Pick out the lines below with "acceleration" and list them.

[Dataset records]
#####

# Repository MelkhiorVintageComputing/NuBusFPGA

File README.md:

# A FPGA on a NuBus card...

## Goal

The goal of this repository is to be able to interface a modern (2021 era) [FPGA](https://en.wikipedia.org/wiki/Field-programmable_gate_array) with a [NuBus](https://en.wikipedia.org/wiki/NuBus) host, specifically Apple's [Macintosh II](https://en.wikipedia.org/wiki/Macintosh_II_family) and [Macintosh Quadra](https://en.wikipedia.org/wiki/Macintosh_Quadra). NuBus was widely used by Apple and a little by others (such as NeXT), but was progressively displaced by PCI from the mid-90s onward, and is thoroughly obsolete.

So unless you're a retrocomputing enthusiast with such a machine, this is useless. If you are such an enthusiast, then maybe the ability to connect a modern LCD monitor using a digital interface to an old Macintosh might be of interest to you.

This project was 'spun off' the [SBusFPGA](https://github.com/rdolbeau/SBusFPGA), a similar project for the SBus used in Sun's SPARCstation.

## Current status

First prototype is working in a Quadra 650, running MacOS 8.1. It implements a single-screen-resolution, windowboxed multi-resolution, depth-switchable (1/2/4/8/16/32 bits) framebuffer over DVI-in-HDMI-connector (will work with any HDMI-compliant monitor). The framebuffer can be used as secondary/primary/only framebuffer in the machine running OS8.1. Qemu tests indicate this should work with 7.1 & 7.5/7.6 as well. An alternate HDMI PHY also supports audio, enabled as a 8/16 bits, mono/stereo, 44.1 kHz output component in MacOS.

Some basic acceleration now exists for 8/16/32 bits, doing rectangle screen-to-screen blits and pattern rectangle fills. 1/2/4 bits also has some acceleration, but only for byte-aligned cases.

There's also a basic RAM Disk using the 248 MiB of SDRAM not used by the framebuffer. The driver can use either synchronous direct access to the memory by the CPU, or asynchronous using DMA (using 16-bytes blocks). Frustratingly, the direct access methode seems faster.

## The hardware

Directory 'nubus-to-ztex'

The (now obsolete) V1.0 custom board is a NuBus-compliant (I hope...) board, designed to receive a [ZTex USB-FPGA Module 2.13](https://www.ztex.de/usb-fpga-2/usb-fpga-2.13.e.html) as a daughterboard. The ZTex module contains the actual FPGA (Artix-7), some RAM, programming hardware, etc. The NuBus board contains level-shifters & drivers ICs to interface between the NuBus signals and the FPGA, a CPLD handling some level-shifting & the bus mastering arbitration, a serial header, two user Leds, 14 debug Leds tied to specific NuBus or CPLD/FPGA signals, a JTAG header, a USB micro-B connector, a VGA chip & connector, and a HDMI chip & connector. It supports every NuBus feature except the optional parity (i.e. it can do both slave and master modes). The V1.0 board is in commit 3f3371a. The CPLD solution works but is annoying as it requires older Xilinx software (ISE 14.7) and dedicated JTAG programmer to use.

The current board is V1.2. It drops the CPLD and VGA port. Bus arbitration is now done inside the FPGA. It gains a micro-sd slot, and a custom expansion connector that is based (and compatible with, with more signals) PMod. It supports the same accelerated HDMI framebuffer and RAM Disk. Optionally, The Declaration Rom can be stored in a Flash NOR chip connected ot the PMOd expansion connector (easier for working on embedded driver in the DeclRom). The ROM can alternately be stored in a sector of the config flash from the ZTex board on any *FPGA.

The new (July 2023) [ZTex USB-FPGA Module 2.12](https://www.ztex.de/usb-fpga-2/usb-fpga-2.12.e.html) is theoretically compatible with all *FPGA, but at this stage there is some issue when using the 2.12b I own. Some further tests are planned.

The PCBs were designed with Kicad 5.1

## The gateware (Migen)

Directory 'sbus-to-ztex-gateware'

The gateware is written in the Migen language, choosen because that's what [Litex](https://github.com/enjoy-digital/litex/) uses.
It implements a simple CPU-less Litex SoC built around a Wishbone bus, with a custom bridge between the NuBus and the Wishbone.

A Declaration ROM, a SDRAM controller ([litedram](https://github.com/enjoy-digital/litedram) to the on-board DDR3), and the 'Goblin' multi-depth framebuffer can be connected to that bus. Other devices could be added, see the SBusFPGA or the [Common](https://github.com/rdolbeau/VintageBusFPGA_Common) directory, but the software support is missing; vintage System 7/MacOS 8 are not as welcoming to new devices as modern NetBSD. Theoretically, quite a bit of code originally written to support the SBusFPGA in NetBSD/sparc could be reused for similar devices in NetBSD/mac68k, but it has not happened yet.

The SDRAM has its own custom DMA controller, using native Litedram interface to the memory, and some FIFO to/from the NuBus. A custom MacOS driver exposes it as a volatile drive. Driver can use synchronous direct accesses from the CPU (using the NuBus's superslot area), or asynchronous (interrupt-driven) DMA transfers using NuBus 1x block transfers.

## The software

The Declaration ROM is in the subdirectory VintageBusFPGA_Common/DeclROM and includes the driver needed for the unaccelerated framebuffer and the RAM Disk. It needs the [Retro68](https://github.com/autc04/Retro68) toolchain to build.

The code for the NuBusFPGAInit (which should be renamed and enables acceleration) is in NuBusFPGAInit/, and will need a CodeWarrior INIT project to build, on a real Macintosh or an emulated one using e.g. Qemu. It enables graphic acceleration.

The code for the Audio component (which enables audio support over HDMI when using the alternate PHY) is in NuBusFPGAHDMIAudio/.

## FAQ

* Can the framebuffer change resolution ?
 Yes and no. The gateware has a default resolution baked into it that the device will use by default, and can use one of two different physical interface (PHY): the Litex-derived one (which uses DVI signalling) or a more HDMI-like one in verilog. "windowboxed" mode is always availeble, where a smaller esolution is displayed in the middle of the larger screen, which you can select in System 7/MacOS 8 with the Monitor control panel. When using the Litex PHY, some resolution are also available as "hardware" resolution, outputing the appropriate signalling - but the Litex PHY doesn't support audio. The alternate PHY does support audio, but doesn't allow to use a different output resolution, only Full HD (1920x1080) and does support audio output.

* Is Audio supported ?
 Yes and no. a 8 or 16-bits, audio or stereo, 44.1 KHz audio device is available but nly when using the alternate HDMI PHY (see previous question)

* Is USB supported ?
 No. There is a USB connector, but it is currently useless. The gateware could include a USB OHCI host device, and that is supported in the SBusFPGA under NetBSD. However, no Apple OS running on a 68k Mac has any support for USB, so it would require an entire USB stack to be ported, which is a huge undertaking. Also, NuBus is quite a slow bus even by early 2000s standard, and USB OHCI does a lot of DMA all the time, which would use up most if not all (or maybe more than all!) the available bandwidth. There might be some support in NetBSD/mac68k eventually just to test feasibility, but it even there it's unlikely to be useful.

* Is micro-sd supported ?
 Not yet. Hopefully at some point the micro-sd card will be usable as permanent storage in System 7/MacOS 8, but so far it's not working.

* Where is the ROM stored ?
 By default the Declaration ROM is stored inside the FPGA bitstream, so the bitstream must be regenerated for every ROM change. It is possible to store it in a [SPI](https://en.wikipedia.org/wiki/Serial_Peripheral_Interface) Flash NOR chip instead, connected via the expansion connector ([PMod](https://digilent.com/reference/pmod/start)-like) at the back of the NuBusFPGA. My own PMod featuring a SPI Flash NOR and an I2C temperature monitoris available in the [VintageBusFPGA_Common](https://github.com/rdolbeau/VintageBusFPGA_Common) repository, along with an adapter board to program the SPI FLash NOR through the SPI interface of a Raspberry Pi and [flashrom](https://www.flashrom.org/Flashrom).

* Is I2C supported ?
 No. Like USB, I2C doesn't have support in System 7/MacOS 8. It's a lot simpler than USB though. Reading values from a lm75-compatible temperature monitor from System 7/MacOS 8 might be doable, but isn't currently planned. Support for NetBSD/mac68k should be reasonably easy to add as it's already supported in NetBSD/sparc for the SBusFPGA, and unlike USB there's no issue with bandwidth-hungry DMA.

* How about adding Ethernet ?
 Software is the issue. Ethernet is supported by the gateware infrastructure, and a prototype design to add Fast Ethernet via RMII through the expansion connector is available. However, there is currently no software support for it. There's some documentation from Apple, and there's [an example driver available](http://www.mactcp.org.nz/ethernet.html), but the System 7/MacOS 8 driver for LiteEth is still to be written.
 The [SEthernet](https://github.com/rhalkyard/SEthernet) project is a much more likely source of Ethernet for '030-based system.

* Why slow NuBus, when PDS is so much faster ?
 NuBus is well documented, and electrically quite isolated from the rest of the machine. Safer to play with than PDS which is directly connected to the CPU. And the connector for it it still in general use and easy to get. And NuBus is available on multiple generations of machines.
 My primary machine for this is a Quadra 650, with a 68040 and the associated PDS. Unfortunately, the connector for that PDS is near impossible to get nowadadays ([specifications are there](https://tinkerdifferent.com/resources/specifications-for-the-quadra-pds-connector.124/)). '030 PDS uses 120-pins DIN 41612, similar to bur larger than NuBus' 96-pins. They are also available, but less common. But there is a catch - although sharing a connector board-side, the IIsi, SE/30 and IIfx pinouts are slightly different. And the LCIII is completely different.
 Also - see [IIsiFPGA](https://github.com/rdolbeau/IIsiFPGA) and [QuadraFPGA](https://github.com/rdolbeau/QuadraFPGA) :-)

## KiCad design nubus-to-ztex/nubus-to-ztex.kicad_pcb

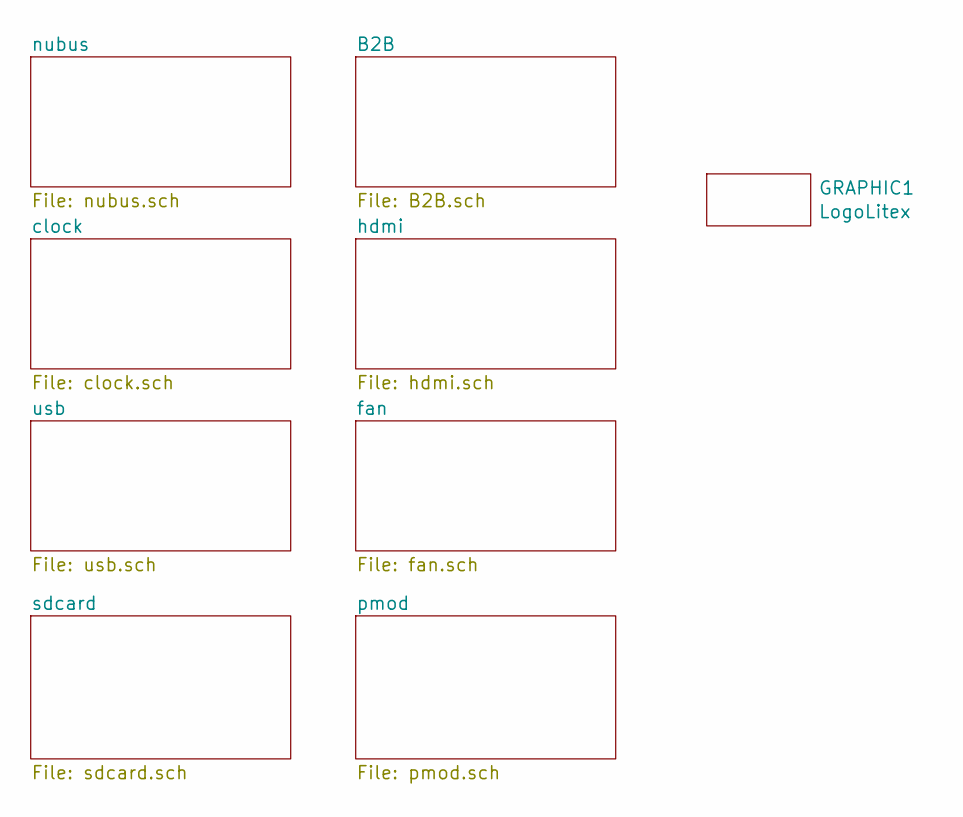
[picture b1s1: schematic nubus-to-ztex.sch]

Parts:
GRAPHIC1: LogoLitex; litex_logo

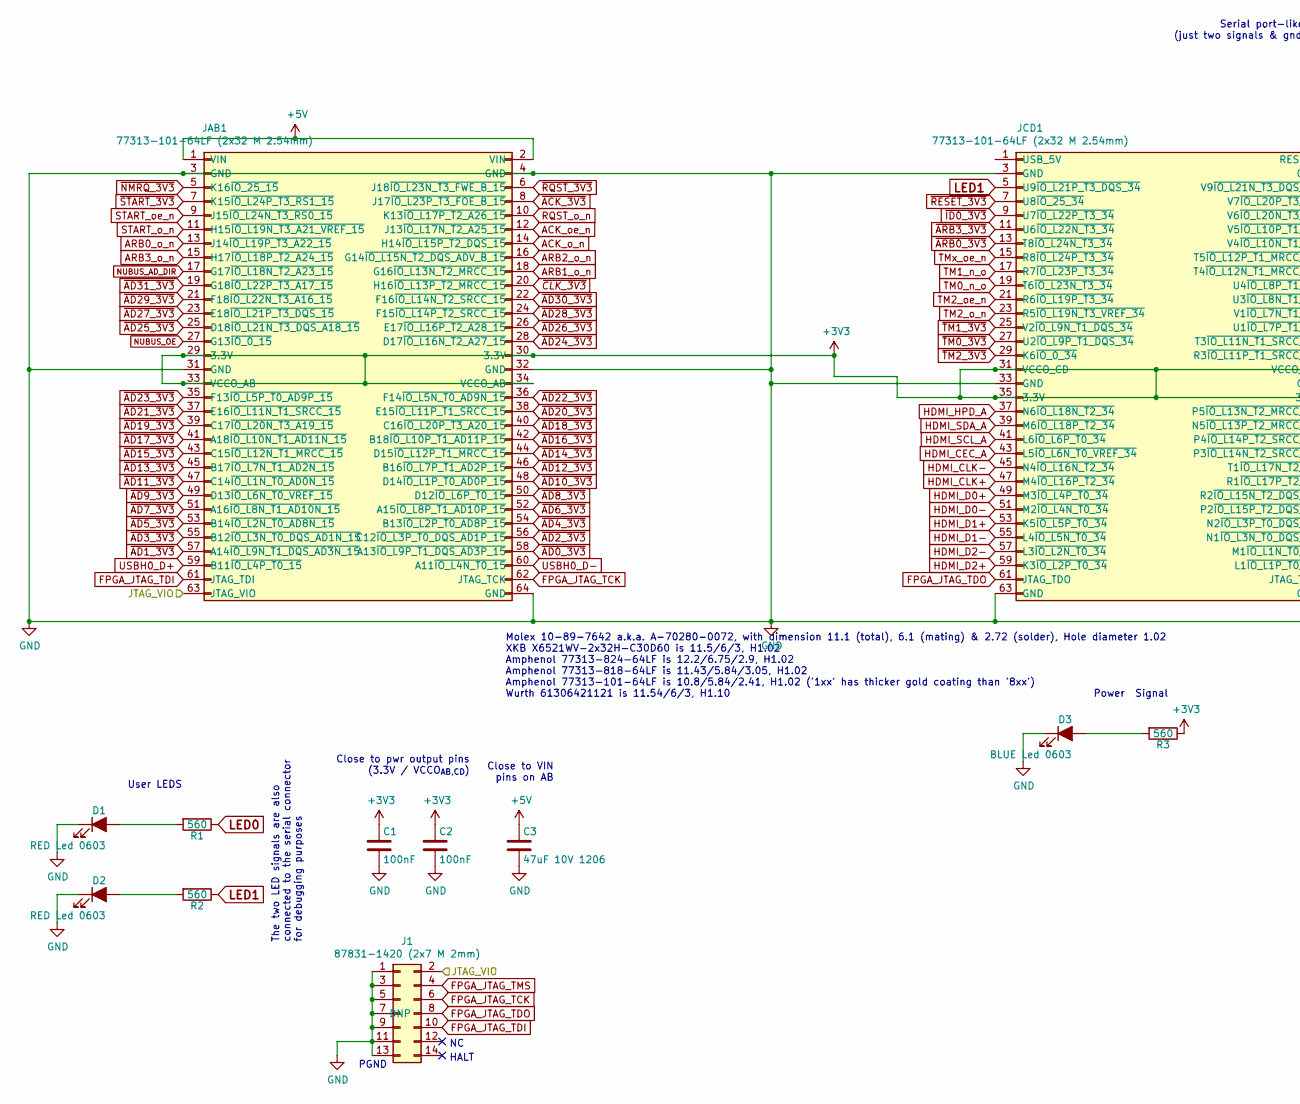
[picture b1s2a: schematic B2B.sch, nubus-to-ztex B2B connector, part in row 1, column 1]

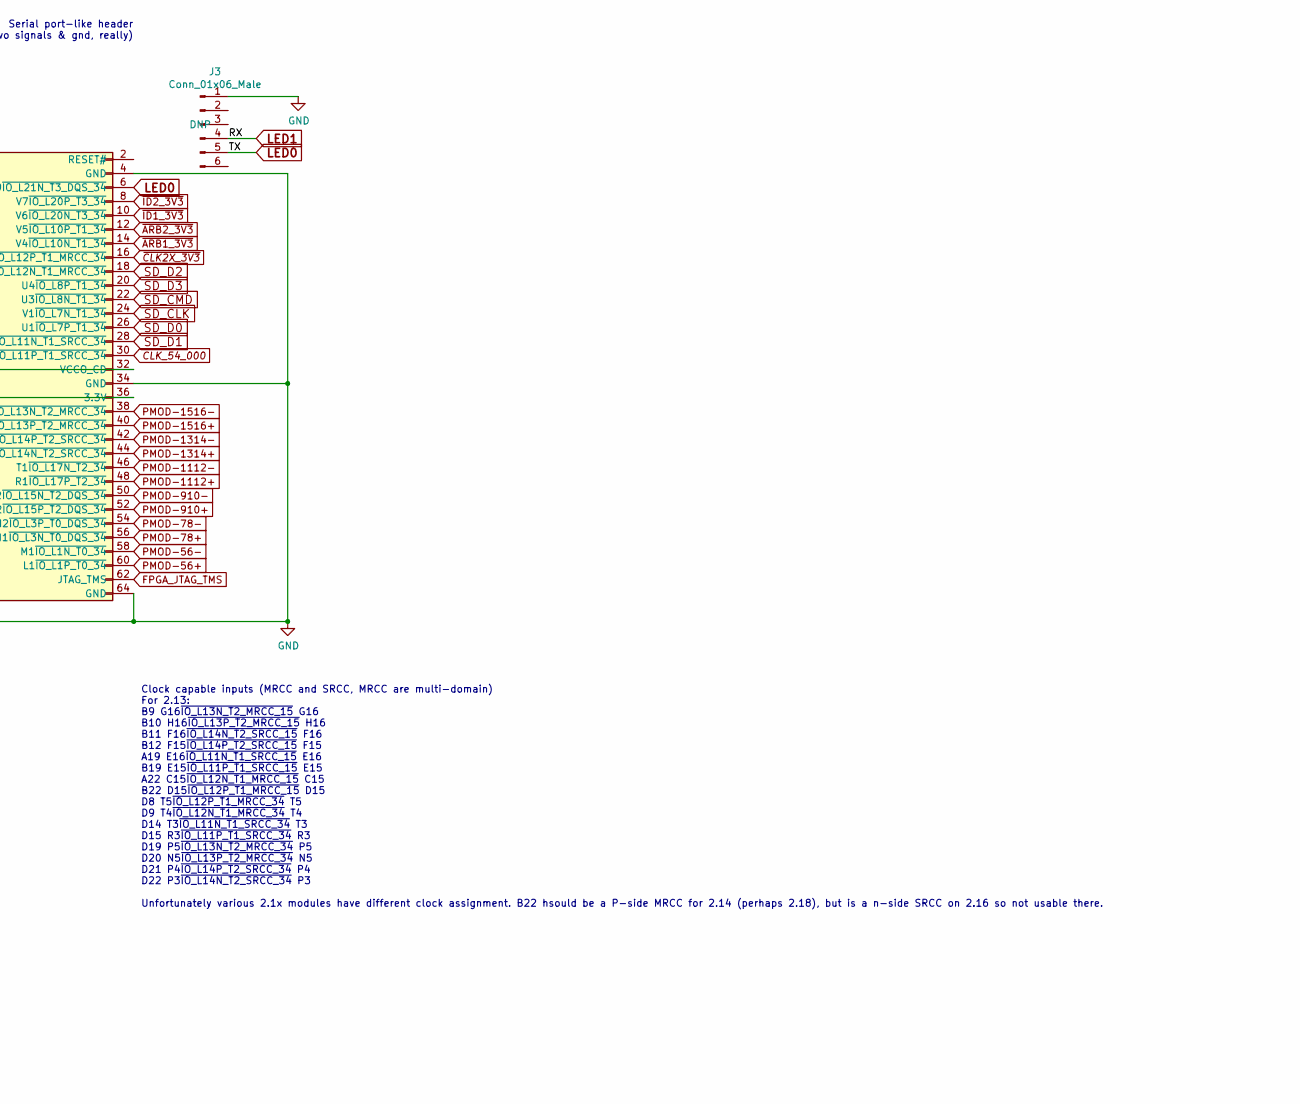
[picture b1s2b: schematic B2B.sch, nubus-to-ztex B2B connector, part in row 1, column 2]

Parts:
C1, C2: 100nF; C_0603_1608Metric; MPN CC0603KRX7R9BB104; Mouser 603-CC603KRX7R8BB104
C3: 47uF 10V 1206; C_1206_3216Metric; MPN-ALT C2012X5R1A476MTJ00E
D1, D2: RED Led 0603; LED_0603_1608Metric; MPN KT-0603R
D3: BLUE Led 0603; LED_0603_1608Metric; MPN 19-217/BHC-ZL1M2RY/3T
J1: 87831-1420 (2x7 M 2mm); PinHeader_2x07_P2.00mm_Vertical_For_SeeedStudio; MPN 87831-1420
J3: Conn_01x06_Male; PinHeader_1x06_P2.54mm_Horizontal_For_SeeedStudio
JAB1: 77313-101-64LF (2x32 M 2.54mm); PinHeader_2x32_P2.54mm_Vertical_For_SeeedStudio; MPN (Molex) 10-89-7642
JCD1: 77313-101-64LF (2x32 M 2.54mm); PinHeader_2x32_P2.54mm_Vertical_For_SeeedStudio; MPN (Molex) 10-89-7642
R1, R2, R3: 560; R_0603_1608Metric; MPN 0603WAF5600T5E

#####

_Final answer_.
Some basic acceleration now exists for 8/16/32 bits, doing rectangle screen-to-screen blits and pattern rectangle fills. 1/2/4 bits also has some acceleration, but only for byte-aligned cases.
The code for the NuBusFPGAInit (which should be renamed and enables acceleration) is in NuBusFPGAInit/, and will need a CodeWarrior INIT project to build, on a real Macintosh or an emulated one using e.g. Qemu. It enables graphic acceleration.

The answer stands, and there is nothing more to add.